« (...) Poder-se-ia pensar que entre os países de língua portuguesa a circulação de livros e bens culturais estaria muito facilitada pelo facto de pertencermos à Comunidade de Países de Língua Portuguesa (CPLP), cujo principal elo de ligação é a língua. Pareceria até evidente que assim fosse. Mas não é. (...)»
De acordo com a Publishers Association, em 2016 o Reino Unido publicava 16% dos artigos académicos mais citados e possuía 10% de todas as editoras académicas do mundo; constituía o maior produtor mundial de livros e revistas académicas, com 17% do total (seguido pelos EUA, com 16%). Algumas destas editoras detêm também os índices bibliométricos mais reconhecidos no mundo académico, retroalimentando-se assim, e levando a que a ciência produzida no resto do mundo contribua para esta supremacia e para a riqueza do país.
Compro frequentemente livros académicos produzidos por empresas britânicas. Até ao Brexit, a sua aquisição era pacífica e compensadora; há umas semanas, porém, ao tentar comprar dois livros, percebi que iria gastar mais 50% do seu valor em taxas e portes. Este fim de semana fiz nova incursão em sítios britânicos e verifiquei que a maioria oferece grandes descontos e ofertas, facto nunca visto até agora. Efeitos do Brexit? Fico curiosa.
Poder-se-ia pensar que entre os países de língua portuguesa a circulação de livros e bens culturais estaria muito facilitada pelo facto de pertencermos à Comunidade de Países de Língua Portuguesa (CPLP), cujo principal elo de ligação é a língua. Pareceria até evidente que assim fosse. Mas não é.
Comprar livros brasileiros em Portugal é um pequeno inferno. Mesmo contornando a absurdez de ser obrigatório possuir CPF (Cadastro de Pessoa Física) brasileiro para fazer compras online naquele país, esbarramos geralmente na alfândega portuguesa, onde os livros ficam retidos temporária ou permanentemente, dependendo do sucesso da comunicação com o destinatário e da vontade deste de pagar as (absurdas?) taxas alfandegárias. Imagino que comprar livros portugueses no Brasil tampouco seja tarefa fácil. Nos restantes países da CPLP, com diferentes níveis de desenvolvimento e poder de compra, a situação é ainda mais espinhosa. Em alguns deles, mesmo o acesso a livros escolares é um luxo e um privilégio reservado a muito poucos.
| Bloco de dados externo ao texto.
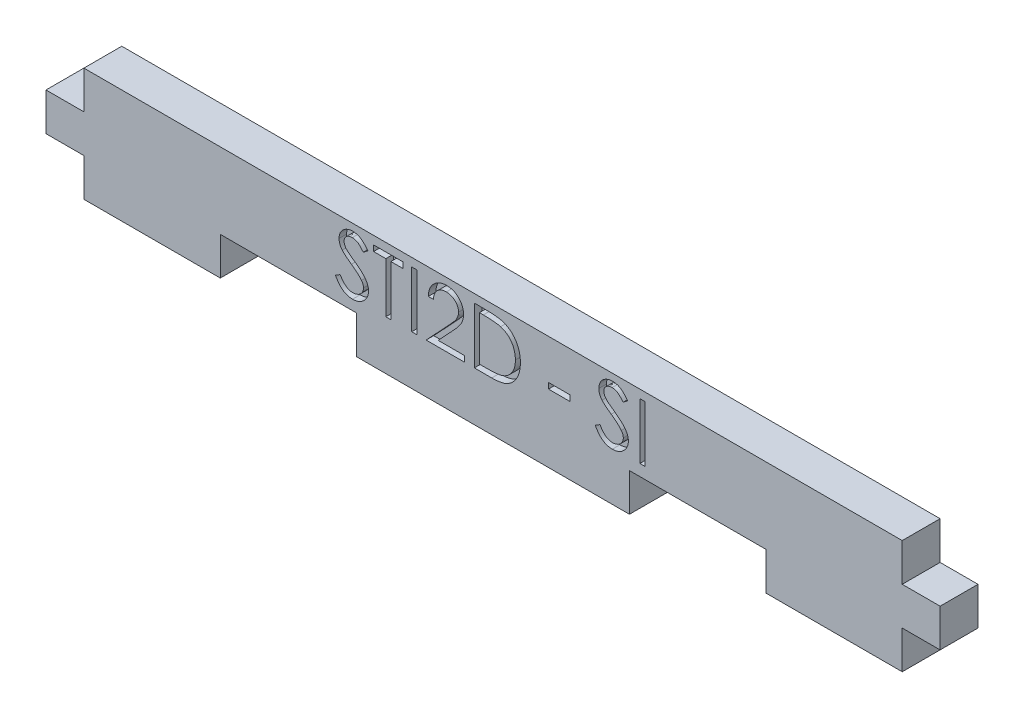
from build123d import *

# Parameters (mm, degrees)
ESQUISSE1_W             = 118
ESQUISSE1_H             = 15
BOSS_EXTRU_1_DEPTH      = 5
ESQUISSE2_W             = 5
ESQUISSE2_H             = 5
ESQUISSE2_W_2           = 18
ENL_V_MAT_EXTRU_1_DEPTH = 60.684587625
ESQUISSE5_W             = 0.664850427
ESQUISSE5_H             = 7.408333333
ESQUISSE5_W_2           = 2.849358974
ESQUISSE5_H_2           = 0.75982906
ENL_V_MAT_EXTRU_4_DEPTH = 1


with BuildPart() as part:
    # Esquisse1 → Boss.-Extru.1 (new body)
    with BuildSketch(Plane.XY):
        Rectangle(ESQUISSE1_W, ESQUISSE1_H)
    extrude(amount=BOSS_EXTRU_1_DEPTH)

    # Esquisse2 → Enl_v. mat.-Extru.1 (cut, symmetric)
    with BuildSketch(Plane.XY.offset(5)):
        with Locations((-56.5, 5)):
            Rectangle(ESQUISSE2_W, ESQUISSE2_H)
        with Locations((-56.5, -5)):
            Rectangle(ESQUISSE2_W, ESQUISSE2_H)
        with Locations((-27, -5)):
            Rectangle(ESQUISSE2_W_2, ESQUISSE2_H)
    enl_v_mat_extru_1 = extrude(amount=ENL_V_MAT_EXTRU_1_DEPTH, both=True, mode=Mode.SUBTRACT)

    # Sym_trie1: Enl_v. mat.-Extru.1 across plane
    add(enl_v_mat_extru_1.mirror(Plane.ZY), mode=Mode.SUBTRACT)

    # Esquisse5 → Enl_v. mat.-Extru.4 (cut)
    # profile 1 of 8: a face of its own
    with BuildSketch(Plane.XY.offset(5)):
        with BuildLine():
            Line((-20.800320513, 0.429131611), (-20.174055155, 0.804594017))
            add(Edge.make_bspline(
                [(-20.174055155, 0.804594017), (-20.115808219, 0.707091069), (-20.004209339, 0.520279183), (-19.818045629, 0.267849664), (-19.625147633, 0.053299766), (-19.424086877, -0.122122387), (-19.21609062, -0.260232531), (-18.99980104, -0.358027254), (-18.775947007, -0.419021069), (-18.623602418, -0.426429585), (-18.547546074, -0.430128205)],
                knots=[0, 0, 0, 0, 1.272034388, 2.437168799, 3.508375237, 4.49857839, 5.41946034, 6.295179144, 7.148887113, 8, 8, 8, 8], degree=3))
            add(Edge.make_bspline(
                [(-18.547546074, -0.430128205), (-18.482592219, -0.428319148), (-18.353821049, -0.424732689), (-18.164247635, -0.390271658), (-17.980136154, -0.337329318), (-17.805281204, -0.261508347), (-17.642095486, -0.169775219), (-17.498994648, -0.05897581), (-17.375283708, 0.065073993), (-17.274087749, 0.203467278), (-17.196448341, 0.352305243), (-17.13677513, 0.505077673), (-17.103659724, 0.664184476), (-17.098671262, 0.771309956), (-17.096153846, 0.825370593)],
                knots=[0, 0, 0, 0, 1.095163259, 2.171163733, 3.241058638, 4.321873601, 5.38011039, 6.391990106, 7.366004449, 8.327778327, 9.272591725, 10.192022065, 11.087607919, 12, 12, 12, 12], degree=3))
            add(Edge.make_bspline(
                [(-17.096153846, 0.825370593), (-17.09927447, 0.887052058), (-17.105618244, 1.012441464), (-17.159236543, 1.197437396), (-17.243584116, 1.380513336), (-17.321398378, 1.493757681), (-17.361797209, 1.552550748)],
                knots=[0, 0, 0, 0, 0.938893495, 1.908633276, 2.914225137, 4, 4, 4, 4], degree=3))
            add(Edge.make_bspline(
                [(-17.361797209, 1.552550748), (-17.394966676, 1.594983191), (-17.464601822, 1.684064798), (-17.584315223, 1.81666388), (-17.724790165, 1.953439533), (-17.881219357, 2.099614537), (-18.059301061, 2.248390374), (-18.253457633, 2.406861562), (-18.468646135, 2.569001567), (-18.619563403, 2.677740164), (-18.697434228, 2.733847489)],
                knots=[0, 0, 0, 0, 0.722233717, 1.516239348, 2.393582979, 3.351407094, 4.387010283, 5.505090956, 6.712668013, 8, 8, 8, 8], degree=3))
            add(Edge.make_bspline(
                [(-18.697434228, 2.733847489), (-18.775378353, 2.789364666), (-18.924401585, 2.895509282), (-19.132805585, 3.053040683), (-19.319166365, 3.197066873), (-19.482655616, 3.328943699), (-19.62320143, 3.448689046), (-19.741911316, 3.555153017), (-19.835761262, 3.651214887), (-19.887948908, 3.713532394), (-19.911379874, 3.741511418)],
                knots=[0, 0, 0, 0, 1.452282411, 2.77665338, 3.964542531, 5.026858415, 5.96415736, 6.766646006, 7.446254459, 8, 8, 8, 8], degree=3))
            add(Edge.make_bspline(
                [(-19.911379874, 3.741511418), (-19.944130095, 3.785116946), (-20.0085378, 3.870873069), (-20.093555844, 4.004910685), (-20.165817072, 4.14211993), (-20.222464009, 4.28286951), (-20.270165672, 4.425183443), (-20.302249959, 4.57091858), (-20.322340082, 4.719420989), (-20.324397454, 4.819356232), (-20.32542735, 4.869382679)],
                knots=[0, 0, 0, 0, 1.068054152, 2.10047183, 3.106115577, 4.101338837, 5.06977816, 6.043150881, 7.020423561, 8, 8, 8, 8], degree=3))
            add(Edge.make_bspline(
                [(-20.32542735, 4.869382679), (-20.322664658, 4.947762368), (-20.317198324, 5.102846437), (-20.270969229, 5.329395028), (-20.198001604, 5.545689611), (-20.095777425, 5.749588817), (-19.963999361, 5.935783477), (-19.811502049, 6.106415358), (-19.629867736, 6.249858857), (-19.430578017, 6.375191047), (-19.212442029, 6.473289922), (-18.983861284, 6.547290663), (-18.744472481, 6.589220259), (-18.58232918, 6.595237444), (-18.500056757, 6.598290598)],
                knots=[0, 0, 0, 0, 1.005424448, 1.989358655, 2.955360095, 3.929531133, 4.905563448, 5.876582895, 6.856512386, 7.866279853, 8.892233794, 9.918561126, 10.94386622, 12, 12, 12, 12], degree=3))
            add(Edge.make_bspline(
                [(-18.500056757, 6.598290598), (-18.412756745, 6.595279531), (-18.239144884, 6.589291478), (-17.983770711, 6.537226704), (-17.737897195, 6.451076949), (-17.540108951, 6.353310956), (-17.385311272, 6.255666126), (-17.267258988, 6.166724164), (-17.147630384, 6.064330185), (-17.025460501, 5.948211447), (-16.902819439, 5.817302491), (-16.777886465, 5.672499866), (-16.650369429, 5.514688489), (-16.568336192, 5.402029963), (-16.526282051, 5.344275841)],
                knots=[0, 0, 0, 0, 1.286793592, 2.559021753, 3.825965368, 5.121522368, 5.803751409, 6.523245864, 7.299691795, 8.125521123, 9.008227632, 9.944561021, 10.946284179, 12, 12, 12, 12], degree=3))
            Line((-16.526282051, 5.344275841), (-17.12731871, 4.888675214))
            add(Edge.make_bspline(
                [(-17.12731871, 4.888675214), (-17.163610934, 4.935429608), (-17.233501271, 5.025467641), (-17.339608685, 5.151560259), (-17.439618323, 5.266741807), (-17.538150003, 5.366786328), (-17.629999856, 5.457172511), (-17.719147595, 5.534557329), (-17.804310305, 5.599699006), (-17.9116611, 5.669217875), (-18.04653027, 5.738129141), (-18.215830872, 5.796441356), (-18.392755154, 5.831482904), (-18.513256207, 5.836116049), (-18.574258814, 5.838461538)],
                knots=[0, 0, 0, 0, 1.181633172, 2.275549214, 3.290209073, 4.226197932, 5.078386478, 5.862611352, 6.581680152, 7.217281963, 8.414376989, 9.595101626, 10.782541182, 12, 12, 12, 12], degree=3))
            add(Edge.make_bspline(
                [(-18.574258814, 5.838461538), (-18.65079012, 5.835896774), (-18.798373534, 5.830950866), (-19.007902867, 5.776933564), (-19.196485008, 5.69188196), (-19.358521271, 5.572681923), (-19.493431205, 5.431455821), (-19.591021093, 5.268940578), (-19.649758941, 5.089484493), (-19.656926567, 4.96430132), (-19.660576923, 4.900547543)],
                knots=[0, 0, 0, 0, 1.14458467, 2.207223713, 3.21896685, 4.227309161, 5.202851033, 6.127160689, 7.046193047, 8, 8, 8, 8], degree=3))
            add(Edge.make_bspline(
                [(-19.660576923, 4.900547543), (-19.659744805, 4.860856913), (-19.658079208, 4.781410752), (-19.63484922, 4.664038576), (-19.60500564, 4.546962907), (-19.557713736, 4.430710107), (-19.49242451, 4.313247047), (-19.406688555, 4.192551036), (-19.298710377, 4.067558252), (-19.215997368, 3.986262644), (-19.17232739, 3.943341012)],
                knots=[0, 0, 0, 0, 0.858281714, 1.717966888, 2.583508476, 3.4729293, 4.427298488, 5.488583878, 6.674047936, 8, 8, 8, 8], degree=3))
            add(Edge.make_bspline(
                [(-19.17232739, 3.943341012), (-19.156110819, 3.928869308), (-19.117583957, 3.89448785), (-19.047149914, 3.838200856), (-18.954137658, 3.768768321), (-18.840975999, 3.682858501), (-18.705578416, 3.58320274), (-18.547930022, 3.471075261), (-18.369788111, 3.342836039), (-18.243376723, 3.253179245), (-18.176535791, 3.205772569)],
                knots=[0, 0, 0, 0, 0.420754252, 0.999615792, 1.744751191, 2.668019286, 3.750313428, 4.999500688, 6.413464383, 8, 8, 8, 8], degree=3))
            add(Edge.make_bspline(
                [(-18.176535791, 3.205772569), (-18.096132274, 3.147265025), (-17.940442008, 3.033973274), (-17.718916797, 2.863760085), (-17.518058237, 2.697288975), (-17.337161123, 2.53562304), (-17.174438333, 2.379988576), (-17.031695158, 2.228513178), (-16.907477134, 2.082282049), (-16.773747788, 1.894803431), (-16.637100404, 1.664550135), (-16.519749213, 1.382444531), (-16.445754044, 1.099242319), (-16.43607767, 0.908897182), (-16.431303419, 0.814982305)],
                knots=[0, 0, 0, 0, 1.163667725, 2.253281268, 3.268753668, 4.215851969, 5.092017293, 5.902905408, 6.650798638, 7.335211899, 8.59617414, 9.77448103, 10.901945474, 12, 12, 12, 12], degree=3))
            add(Edge.make_bspline(
                [(-16.431303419, 0.814982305), (-16.432694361, 0.748564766), (-16.435449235, 0.61701947), (-16.467116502, 0.423862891), (-16.513513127, 0.236260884), (-16.583441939, 0.056532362), (-16.668792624, -0.118610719), (-16.777094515, -0.284574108), (-16.902629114, -0.445030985), (-17.046633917, -0.595702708), (-17.204211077, -0.734018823), (-17.37075823, -0.85705867), (-17.546547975, -0.959649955), (-17.730626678, -1.043365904), (-17.923036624, -1.108841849), (-18.1237131, -1.156282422), (-18.332986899, -1.185398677), (-18.475227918, -1.188420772), (-18.547546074, -1.189957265)],
                knots=[0, 0, 0, 0, 0.983748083, 1.948392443, 2.894712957, 3.844097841, 4.80183111, 5.778335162, 6.776009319, 7.81870978, 8.863265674, 9.881300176, 10.883814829, 11.87499822, 12.874611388, 13.892143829, 14.928324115, 16, 16, 16, 16], degree=3))
            add(Edge.make_bspline(
                [(-18.547546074, -1.189957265), (-18.603500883, -1.188875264), (-18.714705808, -1.186724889), (-18.879190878, -1.167714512), (-19.040353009, -1.140817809), (-19.196169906, -1.098116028), (-19.348649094, -1.046306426), (-19.497127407, -0.982513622), (-19.641676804, -0.906065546), (-19.783107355, -0.818657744), (-19.921059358, -0.716935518), (-20.054238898, -0.598458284), (-20.187015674, -0.466493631), (-20.315470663, -0.317457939), (-20.442202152, -0.153758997), (-20.564711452, 0.026134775), (-20.685534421, 0.221243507), (-20.761343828, 0.358541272), (-20.800320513, 0.429131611)],
                knots=[0, 0, 0, 0, 0.915332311, 1.819136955, 2.706846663, 3.586547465, 4.459518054, 5.340707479, 6.227863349, 7.133153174, 8.059268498, 9.028702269, 10.047606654, 11.120612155, 12.245963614, 13.433783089, 14.680604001, 16, 16, 16, 16], degree=3))
        make_face()
    # profile 2 of 8: a face of its own
    with BuildSketch(Plane.XY.offset(5)):
        Polygon((-15.766452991, 5.648504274), (-15.766452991, 6.408333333), (-11.87232906, 6.408333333), (-11.87232906, 5.648504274), (-13.486965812, 5.648504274), (-13.486965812, -1), (-14.151816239, -1), (-14.151816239, 5.648504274), align=None)
    # profile 3 of 8: a face of its own
    with BuildSketch(Plane.XY.offset(5)):
        with Locations((-10.400160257, 2.704166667)):
            Rectangle(ESQUISSE5_W, ESQUISSE5_H)
    # profile 4 of 8: a face of its own
    with BuildSketch(Plane.XY.offset(5)):
        with BuildLine():
            Line((-7.883226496, 4.128846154), (-8.548076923, 4.128846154))
            add(Edge.make_bspline(
                [(-8.548076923, 4.128846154), (-8.543743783, 4.217049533), (-8.53523361, 4.390278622), (-8.495380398, 4.642847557), (-8.438355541, 4.884263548), (-8.35772863, 5.112588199), (-8.257597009, 5.329840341), (-8.137518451, 5.535157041), (-7.995291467, 5.727755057), (-7.833987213, 5.905848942), (-7.658793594, 6.0692293), (-7.469762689, 6.210316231), (-7.271124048, 6.329521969), (-7.06348032, 6.429177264), (-6.844488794, 6.503979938), (-6.616136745, 6.559482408), (-6.377420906, 6.592875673), (-6.214776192, 6.596465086), (-6.132057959, 6.598290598)],
                knots=[0, 0, 0, 0, 1.10065271, 2.161652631, 3.183658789, 4.190468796, 5.17591951, 6.163126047, 7.15150782, 8.156236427, 9.156009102, 10.134482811, 11.092018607, 12.041330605, 13.001268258, 13.972401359, 14.968799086, 16, 16, 16, 16], degree=3))
            add(Edge.make_bspline(
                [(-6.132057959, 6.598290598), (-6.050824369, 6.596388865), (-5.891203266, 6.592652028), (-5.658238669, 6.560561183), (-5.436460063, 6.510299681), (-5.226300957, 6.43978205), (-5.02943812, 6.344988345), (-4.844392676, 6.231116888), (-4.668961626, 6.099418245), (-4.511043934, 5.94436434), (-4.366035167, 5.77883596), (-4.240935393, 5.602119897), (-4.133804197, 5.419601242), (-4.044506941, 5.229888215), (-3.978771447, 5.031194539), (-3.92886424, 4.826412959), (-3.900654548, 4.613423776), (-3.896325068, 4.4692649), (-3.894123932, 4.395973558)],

Por muito que a digitalização tenha tomado conta das nossas vidas e seja efetivamente uma alternativa à impressão de livros e revistas, a verdade é que, por si só, ela não supre as necessidades educativas e culturais das nossas sociedades. Não só a publicação de acesso aberto em português tem um longo caminho a percorrer, como para aceder a publicações digitais é preciso ter, além de equipamento e ligação, eletricidade, bem básico para muitos mas escasso em algumas regiões. A leitura em suporte impresso é, e continuará a ser, fundamental para a formação de cidadãos, i. e., indivíduos pertencentes a Estados livres, com direitos e obrigações civis e políticas. E, no entanto, a produção e livre circulação de livros na CPLP estão longe de ser realidade. Como o desenvolvimento, em países como Brasil e Portugal, é hoje progressivamente mais acelerado, o fosso entre países pobres e ricos da CPLP não cessará de crescer. Será isso o que queremos?
Por que não criar uma CCLP, Comunidade de Cidadãos de Língua Portuguesa, onde todos os países possam produzir e/ou ter acesso a livros e bens culturais? Por que não um espaço de livre circulação de conhecimento e cultura?
Será assim tão difícil? Será uma utopia? Será um sonho?
Será. Mas é também condição sine qua non para a construção da CPLP, que ambicionamos, mais desenvolvida, igualitária, democrática e credível. E está ao nosso alcance.
Artigo da autora publicado no Diário de Notícias em 15 de março de 2021.